I will not look at my phone or watch tv while eating dinner with others.
Yesterday I encouraged you to text people. Now I’m going tell you texting is terrible.
This doesn’t discount what we posted yesterday. Texting friends instead of browsing the Internet is a much better use of your phone. And I totally stand by it. However. In my opinion the increase of texting has done the most damage in killing true connections between people.
Hear me out. When I’m sitting with someone, whether it’s for a business meeting or hanging out with a friend, or catching up on the day with my wife, if one of our phones ring, we may glance at it, but if it’s not an emergency we won’t answer it. We recognize that if we answer the phone we are breaking a communication connection and quite frankly, it’s rather rude.
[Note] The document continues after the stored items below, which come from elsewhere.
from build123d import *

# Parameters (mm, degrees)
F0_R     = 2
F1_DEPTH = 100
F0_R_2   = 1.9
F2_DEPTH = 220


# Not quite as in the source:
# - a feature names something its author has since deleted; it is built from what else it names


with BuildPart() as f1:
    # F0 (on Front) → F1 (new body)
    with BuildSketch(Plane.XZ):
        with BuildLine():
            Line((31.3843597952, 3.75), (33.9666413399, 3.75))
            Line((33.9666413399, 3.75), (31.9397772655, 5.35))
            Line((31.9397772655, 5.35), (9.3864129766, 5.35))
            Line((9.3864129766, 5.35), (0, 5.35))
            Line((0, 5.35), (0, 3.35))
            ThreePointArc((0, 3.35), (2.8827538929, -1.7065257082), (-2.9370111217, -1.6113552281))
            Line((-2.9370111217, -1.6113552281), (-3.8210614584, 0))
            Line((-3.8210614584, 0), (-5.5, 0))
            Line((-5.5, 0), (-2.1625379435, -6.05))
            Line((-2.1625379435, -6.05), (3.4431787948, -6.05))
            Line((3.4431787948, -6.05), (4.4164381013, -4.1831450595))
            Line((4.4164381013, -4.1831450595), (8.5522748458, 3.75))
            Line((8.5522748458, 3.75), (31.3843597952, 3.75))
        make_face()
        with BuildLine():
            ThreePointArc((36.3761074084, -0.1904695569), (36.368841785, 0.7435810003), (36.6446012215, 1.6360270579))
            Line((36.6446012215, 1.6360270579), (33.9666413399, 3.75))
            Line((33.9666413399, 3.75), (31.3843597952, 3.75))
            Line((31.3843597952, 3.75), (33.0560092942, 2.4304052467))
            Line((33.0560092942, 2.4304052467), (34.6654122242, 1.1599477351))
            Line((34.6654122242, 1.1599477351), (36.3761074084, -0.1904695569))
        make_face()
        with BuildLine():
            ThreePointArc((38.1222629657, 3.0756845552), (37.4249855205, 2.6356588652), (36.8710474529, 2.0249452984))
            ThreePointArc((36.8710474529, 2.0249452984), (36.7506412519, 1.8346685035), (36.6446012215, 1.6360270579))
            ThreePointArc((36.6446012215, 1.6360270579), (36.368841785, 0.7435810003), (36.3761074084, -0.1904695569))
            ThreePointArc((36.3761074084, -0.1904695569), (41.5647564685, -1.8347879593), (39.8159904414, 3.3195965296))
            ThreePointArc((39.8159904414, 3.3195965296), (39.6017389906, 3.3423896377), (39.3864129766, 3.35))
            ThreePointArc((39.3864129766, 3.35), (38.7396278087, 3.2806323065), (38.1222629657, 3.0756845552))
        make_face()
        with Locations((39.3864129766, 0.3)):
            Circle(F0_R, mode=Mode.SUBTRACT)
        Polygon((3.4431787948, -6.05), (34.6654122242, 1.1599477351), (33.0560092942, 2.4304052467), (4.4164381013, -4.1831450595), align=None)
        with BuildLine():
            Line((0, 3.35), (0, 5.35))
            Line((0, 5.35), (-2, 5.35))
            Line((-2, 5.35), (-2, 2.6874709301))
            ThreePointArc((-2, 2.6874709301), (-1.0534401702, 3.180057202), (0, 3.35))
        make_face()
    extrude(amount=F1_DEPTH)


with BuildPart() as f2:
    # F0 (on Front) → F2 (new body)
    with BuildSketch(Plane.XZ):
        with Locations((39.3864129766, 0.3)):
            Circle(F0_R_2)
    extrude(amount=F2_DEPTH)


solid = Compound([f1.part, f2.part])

What’s different about texting?
Now let me ask you this. Why are texts different? How many times have you or the person you’re talking to, received a text message and instead of waiting to look at it, you read it (often without even acknowledging your sudden lack of attention to the person you’re talking to) and then you’ll say “hang on a sec” and start texting back.
Here is what you are saying to that person. And remember, communication is what is heard not what is said, so it doesn’t matter what your intent is. What you’re saying to them is “This text conversation I am having, is more important than the one I was having with you”. You wouldn’t say that out loud to their face, so why would you want to say that with your actions?
We do this in even worse ways when we sit at the dinner table watching netflix or something, essentially letting the people around know that we are most interested in entertaining ourselves and not in actually connecting with them.
What you’re missing out on.
We’ve been stressing quite a bit over the last week the need for community in the fight to change our habits, pornographic or otherwise, and this is a community killer. Every time you choose your phone conversations over a movie, you are not just training yourself to constantly turn to your phone for companionship, but are missing out on what could be really good moments with real life people right there!
In my family, my wife and I have started leaving our phones away from the table when it’s dinner time, or anytime we are eating as a family. We want our kids to learn that when you sit down with someone you are there to interact with them and not your phone.
Can you do this? Start leaving your phone on a counter away from the table, or even another room. Make the people you are with your priority.